El ajuste del precio del diésel puede corregir una distorsión: durante años el Estado sostuvo un precio subsidiado mientras aumentaba la necesidad de importar combustibles y disminuían las divisas disponibles. Evitar ese costo puede aliviar las cuentas públicas y reducir la presión para buscar nuevo financiamiento.
Pero ahorrar recursos o dejar de prestarse dinero no equivale a resolver el problema energético. Bolivia puede gastar menos en subsidios y continuar exactamente igual de dependiente del diésel importado.
Ahí aparece la pregunta que se escucha en la calle: ¿por qué el país sigue pensando solamente en el parche de hoy y no en la energía que necesitará dentro de diez, quince o veinte años?
Una política energética seria debería comenzar a diseñar esa transición ahora. No significa eliminar de golpe el diésel ni desconocer las limitaciones tecnológicas del transporte pesado, la agricultura o la industria.
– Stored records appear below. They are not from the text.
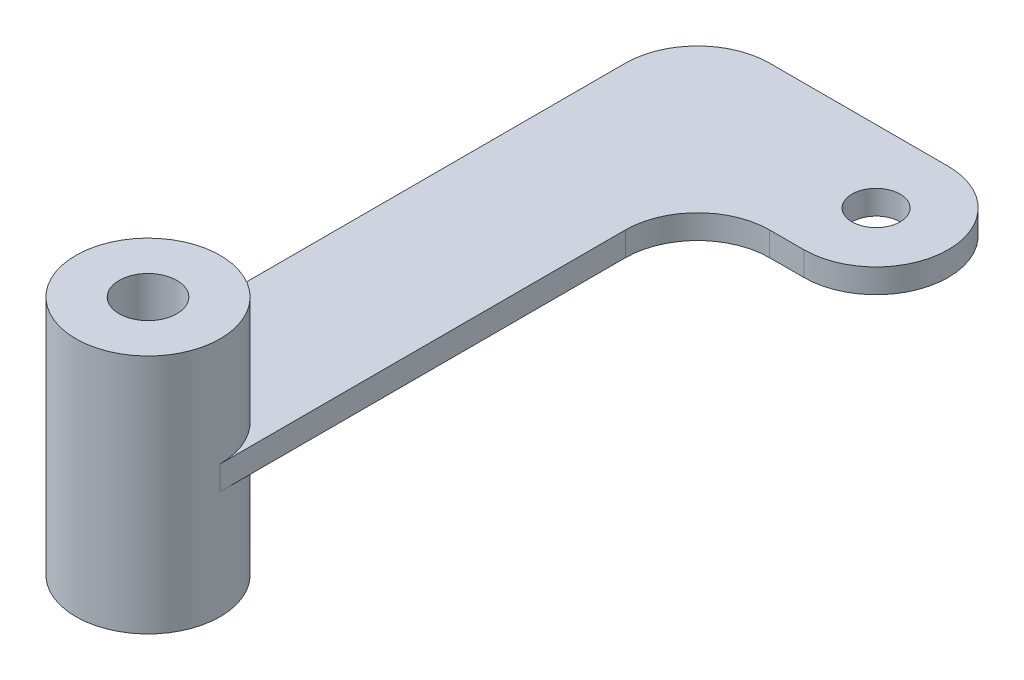
ISO-10303-21;
HEADER;
FILE_DESCRIPTION(('STEP AP214'),'2;1');
FILE_NAME('part.step','',(''),(''),'','','');
FILE_SCHEMA(('AUTOMOTIVE_DESIGN { 1 0 10303 214 1 1 1 1 }'));
ENDSEC;
DATA;
#1=APPLICATION_CONTEXT('core data for automotive mechanical design processes');
#2=APPLICATION_PROTOCOL_DEFINITION('international standard','automotive_design',2000,#1);
#3=PRODUCT_CONTEXT('',#1,'mechanical');
#4=PRODUCT('Part','Part','',(#3));
#5=PRODUCT_RELATED_PRODUCT_CATEGORY('part','',(#4));
#6=PRODUCT_DEFINITION_FORMATION('','',#4);
#7=PRODUCT_DEFINITION_CONTEXT('part definition',#1,'design');
#8=PRODUCT_DEFINITION('design','',#6,#7);
#9=PRODUCT_DEFINITION_SHAPE('','',#8);
#10=(LENGTH_UNIT() NAMED_UNIT(*) SI_UNIT(.MILLI.,.METRE.));
#11=(NAMED_UNIT(*) PLANE_ANGLE_UNIT() SI_UNIT($,.RADIAN.));
#12=(NAMED_UNIT(*) SI_UNIT($,.STERADIAN.) SOLID_ANGLE_UNIT());
#13=UNCERTAINTY_MEASURE_WITH_UNIT(LENGTH_MEASURE(1.E-05),#10,'distance_accuracy_value','');
#14=(GEOMETRIC_REPRESENTATION_CONTEXT(3) GLOBAL_UNCERTAINTY_ASSIGNED_CONTEXT((#13)) GLOBAL_UNIT_ASSIGNED_CONTEXT((#10,
#11,#12)) REPRESENTATION_CONTEXT('',''));
#15=CARTESIAN_POINT('',(0.,0.,0.));
#16=DIRECTION('',(0.,0.,1.));
#17=DIRECTION('',(1.,0.,0.));
#18=AXIS2_PLACEMENT_3D('',#15,#16,#17);
#19=CARTESIAN_POINT('',(6.,-5.,0.));
#20=DIRECTION('',(0.,1.,0.));
#21=DIRECTION('',(0.,0.,1.));
#22=AXIS2_PLACEMENT_3D('',#19,#20,#21);
#23=PLANE('',#22);
#24=CARTESIAN_POINT('',(0.,-5.,0.));
#25=DIRECTION('',(0.,1.,0.));
#26=DIRECTION('',(0.,0.,1.));
#27=AXIS2_PLACEMENT_3D('',#24,#25,#26);
#28=CIRCLE('',#27,5.99999999999999);
#29=CARTESIAN_POINT('',(0.,-5.,5.99999999999999));
#30=VERTEX_POINT('',#29);
#31=EDGE_CURVE('E162',#30,#30,#28,.T.);
#32=ORIENTED_EDGE('',*,*,#31,.F.);
#33=EDGE_LOOP('',(#32));
#34=FACE_BOUND('',#33,.T.);
#35=CARTESIAN_POINT('',(0.,-5.,0.));
#36=DIRECTION('',(0.,1.,0.));
#37=DIRECTION('',(0.,0.,1.));
#38=AXIS2_PLACEMENT_3D('',#35,#36,#37);
#39=CIRCLE('',#38,4.99999999999999);
#40=CARTESIAN_POINT('',(0.,-5.,4.99999999999999));
#41=VERTEX_POINT('',#40);
#42=EDGE_CURVE('E136',#41,#41,#39,.T.);
#43=ORIENTED_EDGE('',*,*,#42,.T.);
#44=EDGE_LOOP('',(#43));
#45=FACE_BOUND('',#44,.T.);
#46=ADVANCED_FACE('F41',(#34,#45),#23,.F.);
#47=CARTESIAN_POINT('',(0.,25.,0.));
#48=DIRECTION('',(0.,1.,0.));
#49=DIRECTION('',(0.,0.,1.));
#50=AXIS2_PLACEMENT_3D('',#47,#48,#49);
#51=CYLINDRICAL_SURFACE('',#50,5.99999999999999);
#52=CARTESIAN_POINT('',(0.,-25.,0.));
#53=DIRECTION('',(0.,1.,0.));
#54=DIRECTION('',(0.,0.,1.));
#55=AXIS2_PLACEMENT_3D('',#52,#53,#54);
#56=CIRCLE('',#55,5.99999999999999);
#57=CARTESIAN_POINT('',(0.,-25.,5.99999999999999));
#58=VERTEX_POINT('',#57);
#59=EDGE_CURVE('E159',#58,#58,#56,.T.);
#60=ORIENTED_EDGE('',*,*,#59,.F.);
#61=EDGE_LOOP('',(#60));
#62=FACE_BOUND('',#61,.T.);
#63=ORIENTED_EDGE('',*,*,#31,.T.);
#64=EDGE_LOOP('',(#63));
#65=FACE_BOUND('',#64,.T.);
#66=ADVANCED_FACE('F196',(#62,#65),#51,.F.);
#67=CARTESIAN_POINT('',(15.,-25.,0.));
#68=DIRECTION('',(0.,1.,0.));
#69=DIRECTION('',(0.,0.,1.));
#70=AXIS2_PLACEMENT_3D('',#67,#68,#69);
#71=PLANE('',#70);
#72=CARTESIAN_POINT('',(0.,-25.,0.));
#73=DIRECTION('',(0.,1.,0.));
#74=DIRECTION('',(0.,0.,1.));
#75=AXIS2_PLACEMENT_3D('',#72,#73,#74);
#76=CIRCLE('',#75,15.);
#77=CARTESIAN_POINT('',(0.,-25.,15.));
#78=VERTEX_POINT('',#77);
#79=EDGE_CURVE('E156',#78,#78,#76,.T.);
#80=ORIENTED_EDGE('',*,*,#79,.F.);
#81=EDGE_LOOP('',(#80));
#82=FACE_BOUND('',#81,.T.);
#83=ORIENTED_EDGE('',*,*,#59,.T.);
#84=EDGE_LOOP('',(#83));
#85=FACE_BOUND('',#84,.T.);
#86=ADVANCED_FACE('F202',(#82,#85),#71,.F.);
#87=CARTESIAN_POINT('',(0.,25.,0.));
#88=DIRECTION('',(0.,1.,0.));
#89=DIRECTION('',(0.,0.,1.));
#90=AXIS2_PLACEMENT_3D('',#87,#88,#89);
#91=CYLINDRICAL_SURFACE('',#90,15.);
#92=DIRECTION('',(0.,-1.,0.));
#93=VECTOR('',#92,1.);
#94=CARTESIAN_POINT('',(15.,2.5,0.));
#95=LINE('',#94,#93);
#96=CARTESIAN_POINT('',(15.,2.5,0.));
#97=VERTEX_POINT('',#96);
#98=CARTESIAN_POINT('',(15.,-2.5,0.));
#99=VERTEX_POINT('',#98);
#100=EDGE_CURVE('E186',#97,#99,#95,.T.);
#101=ORIENTED_EDGE('',*,*,#100,.F.);
#102=CARTESIAN_POINT('',(0.,2.5,0.));
#103=DIRECTION('',(0.,1.,0.));
#104=DIRECTION('',(0.,0.,1.));
#105=AXIS2_PLACEMENT_3D('',#102,#103,#104);
#106=CIRCLE('',#105,15.);
#107=CARTESIAN_POINT('',(-8.29156197588848,2.5,-12.5));
#108=VERTEX_POINT('',#107);
#109=EDGE_CURVE('E399',#97,#108,#106,.T.);
#110=ORIENTED_EDGE('',*,*,#109,.T.);
#111=DIRECTION('',(0.,-1.,0.));
#112=VECTOR('',#111,1.);
#113=CARTESIAN_POINT('',(-8.29156197588848,2.5,-12.5));
#114=LINE('',#113,#112);
#115=CARTESIAN_POINT('',(-8.29156197588848,-2.5,-12.5));
#116=VERTEX_POINT('',#115);
#117=EDGE_CURVE('E376',#108,#116,#114,.T.);
#118=ORIENTED_EDGE('',*,*,#117,.T.);
#119=CARTESIAN_POINT('',(0.,-2.5,0.));
#120=DIRECTION('',(0.,1.,0.));
#121=DIRECTION('',(0.,0.,1.));
#122=AXIS2_PLACEMENT_3D('',#119,#120,#121);
#123=CIRCLE('',#122,15.);
#124=EDGE_CURVE('E187',#99,#116,#123,.T.);
#125=ORIENTED_EDGE('',*,*,#124,.F.);
#126=EDGE_LOOP('',(#101,#110,#118,#125));
#127=FACE_BOUND('',#126,.T.);
#128=CARTESIAN_POINT('',(0.,25.,0.));
#129=DIRECTION('',(0.,1.,0.));
#130=DIRECTION('',(0.,0.,1.));
#131=AXIS2_PLACEMENT_3D('',#128,#129,#130);
#132=CIRCLE('',#131,15.);
#133=CARTESIAN_POINT('',(0.,25.,15.));
#134=VERTEX_POINT('',#133);
#135=EDGE_CURVE('E153',#134,#134,#132,.T.);
#136=ORIENTED_EDGE('',*,*,#135,.F.);
#137=EDGE_LOOP('',(#136));
#138=FACE_BOUND('',#137,.T.);
#139=ORIENTED_EDGE('',*,*,#79,.T.);
#140=EDGE_LOOP('',(#139));
#141=FACE_BOUND('',#140,.T.);
#142=ADVANCED_FACE('F210',(#127,#138,#141),#91,.T.);
#143=CARTESIAN_POINT('',(5.99999999999999,25.,0.));
#144=DIRECTION('',(0.,-1.,0.));
#145=DIRECTION('',(0.,0.,-1.));
#146=AXIS2_PLACEMENT_3D('',#143,#144,#145);
#147=PLANE('',#146);
#148=CARTESIAN_POINT('',(0.,25.,0.));
#149=DIRECTION('',(0.,1.,0.));
#150=DIRECTION('',(0.,0.,1.));
#151=AXIS2_PLACEMENT_3D('',#148,#149,#150);
#152=CIRCLE('',#151,5.99999999999998);
#153=CARTESIAN_POINT('',(0.,25.,5.99999999999998));
#154=VERTEX_POINT('',#153);
#155=EDGE_CURVE('E150',#154,#154,#152,.T.);
#156=ORIENTED_EDGE('',*,*,#155,.F.);
#157=EDGE_LOOP('',(#156));
#158=FACE_BOUND('',#157,.T.);
#159=ORIENTED_EDGE('',*,*,#135,.T.);
#160=EDGE_LOOP('',(#159));
#161=FACE_BOUND('',#160,.T.);
#162=ADVANCED_FACE('F214',(#158,#161),#147,.F.);
#163=CARTESIAN_POINT('',(0.,25.,0.));
#164=DIRECTION('',(0.,1.,0.));
#165=DIRECTION('',(0.,0.,1.));
#166=AXIS2_PLACEMENT_3D('',#163,#164,#165);
#167=CYLINDRICAL_SURFACE('',#166,5.99999999999998);
#168=CARTESIAN_POINT('',(0.,5.,0.));
#169=DIRECTION('',(0.,1.,0.));
#170=DIRECTION('',(0.,0.,1.));
#171=AXIS2_PLACEMENT_3D('',#168,#169,#170);
#172=CIRCLE('',#171,5.99999999999999);
#173=CARTESIAN_POINT('',(0.,5.,5.99999999999999));
#174=VERTEX_POINT('',#173);
#175=EDGE_CURVE('E147',#174,#174,#172,.T.);
#176=ORIENTED_EDGE('',*,*,#175,.F.);
#177=EDGE_LOOP('',(#176));
#178=FACE_BOUND('',#177,.T.);
#179=ORIENTED_EDGE('',*,*,#155,.T.);
#180=EDGE_LOOP('',(#179));
#181=FACE_BOUND('',#180,.T.);
#182=ADVANCED_FACE('F218',(#178,#181),#167,.F.);
#183=CARTESIAN_POINT('',(5.,5.,0.));
#184=DIRECTION('',(0.,-1.,0.));
#185=DIRECTION('',(0.,0.,-1.));
#186=AXIS2_PLACEMENT_3D('',#183,#184,#185);
#187=PLANE('',#186);
#188=CARTESIAN_POINT('',(0.,5.,0.));
#189=DIRECTION('',(0.,1.,0.));
#190=DIRECTION('',(0.,0.,1.));
#191=AXIS2_PLACEMENT_3D('',#188,#189,#190);
#192=CIRCLE('',#191,4.99999999999999);
#193=CARTESIAN_POINT('',(0.,5.,4.99999999999999));
#194=VERTEX_POINT('',#193);
#195=EDGE_CURVE('E139',#194,#194,#192,.T.);
#196=ORIENTED_EDGE('',*,*,#195,.F.);
#197=EDGE_LOOP('',(#196));
#198=FACE_BOUND('',#197,.T.);
#199=ORIENTED_EDGE('',*,*,#175,.T.);
#200=EDGE_LOOP('',(#199));
#201=FACE_BOUND('',#200,.T.);
#202=ADVANCED_FACE('F222',(#198,#201),#187,.F.);
#203=CARTESIAN_POINT('',(0.,25.,0.));
#204=DIRECTION('',(0.,1.,0.));
#205=DIRECTION('',(0.,0.,1.));
#206=AXIS2_PLACEMENT_3D('',#203,#204,#205);
#207=CYLINDRICAL_SURFACE('',#206,4.99999999999999);
#208=ORIENTED_EDGE('',*,*,#42,.F.);
#209=EDGE_LOOP('',(#208));
#210=FACE_BOUND('',#209,.T.);
#211=ORIENTED_EDGE('',*,*,#195,.T.);
#212=EDGE_LOOP('',(#211));
#213=FACE_BOUND('',#212,.T.);
#214=ADVANCED_FACE('F226',(#210,#213),#207,.F.);
#215=CARTESIAN_POINT('',(0.,2.5,-99.1267819554185));
#216=DIRECTION('',(0.,0.,-1.));
#217=DIRECTION('',(-1.,0.,0.));
#218=AXIS2_PLACEMENT_3D('',#215,#216,#217);
#219=PLANE('',#218);
#220=DIRECTION('',(1.,0.,0.));
#221=VECTOR('',#220,1.);
#222=CARTESIAN_POINT('',(0.,2.5,-99.1267819554185));
#223=LINE('',#222,#221);
#224=CARTESIAN_POINT('',(30.,2.5,-99.1267819554185));
#225=VERTEX_POINT('',#224);
#226=CARTESIAN_POINT('',(37.0820393249934,2.5,-99.1267819554185));
#227=VERTEX_POINT('',#226);
#228=EDGE_CURVE('E110',#225,#227,#223,.T.);
#229=ORIENTED_EDGE('',*,*,#228,.F.);
#230=DIRECTION('',(0.,-1.,0.));
#231=VECTOR('',#230,1.);
#232=CARTESIAN_POINT('',(30.,-2.5,-99.1267819554185));
#233=LINE('',#232,#231);
#234=CARTESIAN_POINT('',(30.,-2.5,-99.1267819554185));
#235=VERTEX_POINT('',#234);
#236=EDGE_CURVE('E174',#225,#235,#233,.T.);
#237=ORIENTED_EDGE('',*,*,#236,.T.);
#238=DIRECTION('',(1.,0.,0.));
#239=VECTOR('',#238,1.);
#240=CARTESIAN_POINT('',(0.,-2.5,-99.1267819554185));
#241=LINE('',#240,#239);
#242=CARTESIAN_POINT('',(37.0820393249934,-2.5,-99.1267819554185));
#243=VERTEX_POINT('',#242);
#244=EDGE_CURVE('E134',#235,#243,#241,.T.);
#245=ORIENTED_EDGE('',*,*,#244,.T.);
#246=DIRECTION('',(0.,-1.,0.));
#247=VECTOR('',#246,1.);
#248=CARTESIAN_POINT('',(37.0820393249934,2.5,-99.1267819554185));
#249=LINE('',#248,#247);
#250=EDGE_CURVE('E127',#227,#243,#249,.T.);
#251=ORIENTED_EDGE('',*,*,#250,.F.);
#252=EDGE_LOOP('',(#229,#237,#245,#251));
#253=FACE_BOUND('',#252,.T.);
#254=ADVANCED_FACE('F132',(#253),#219,.F.);
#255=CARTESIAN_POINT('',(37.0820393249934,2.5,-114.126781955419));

Significa establecer una estrategia gradual para que cada sector pueda incorporar alternativas cuando sean técnica y económicamente viables.
Eso supone desarrollar generación solar y eólica, avanzar en la electrificación del transporte donde sea posible, fortalecer los biocombustibles y evaluar otras tecnologías que permitan reducir progresivamente la dependencia de los combustibles fósiles.
También implica algo que suele quedar fuera del debate: crear infraestructura, inversión, regulación y conocimiento nacional para que esa transición sea posible. No basta con anunciar energías alternativas; hay que construir las condiciones para producirlas, almacenarlas, distribuirlas y utilizarlas.
El debate sobre el diésel, por tanto, puede convertirse en una oportunidad. Bolivia está enfrentando una restricción de divisas, una elevada dependencia de combustibles importados y una crisis del modelo de subvención. Resolver la emergencia es indispensable, pero quedarse únicamente en el precio sería volver a administrar el problema.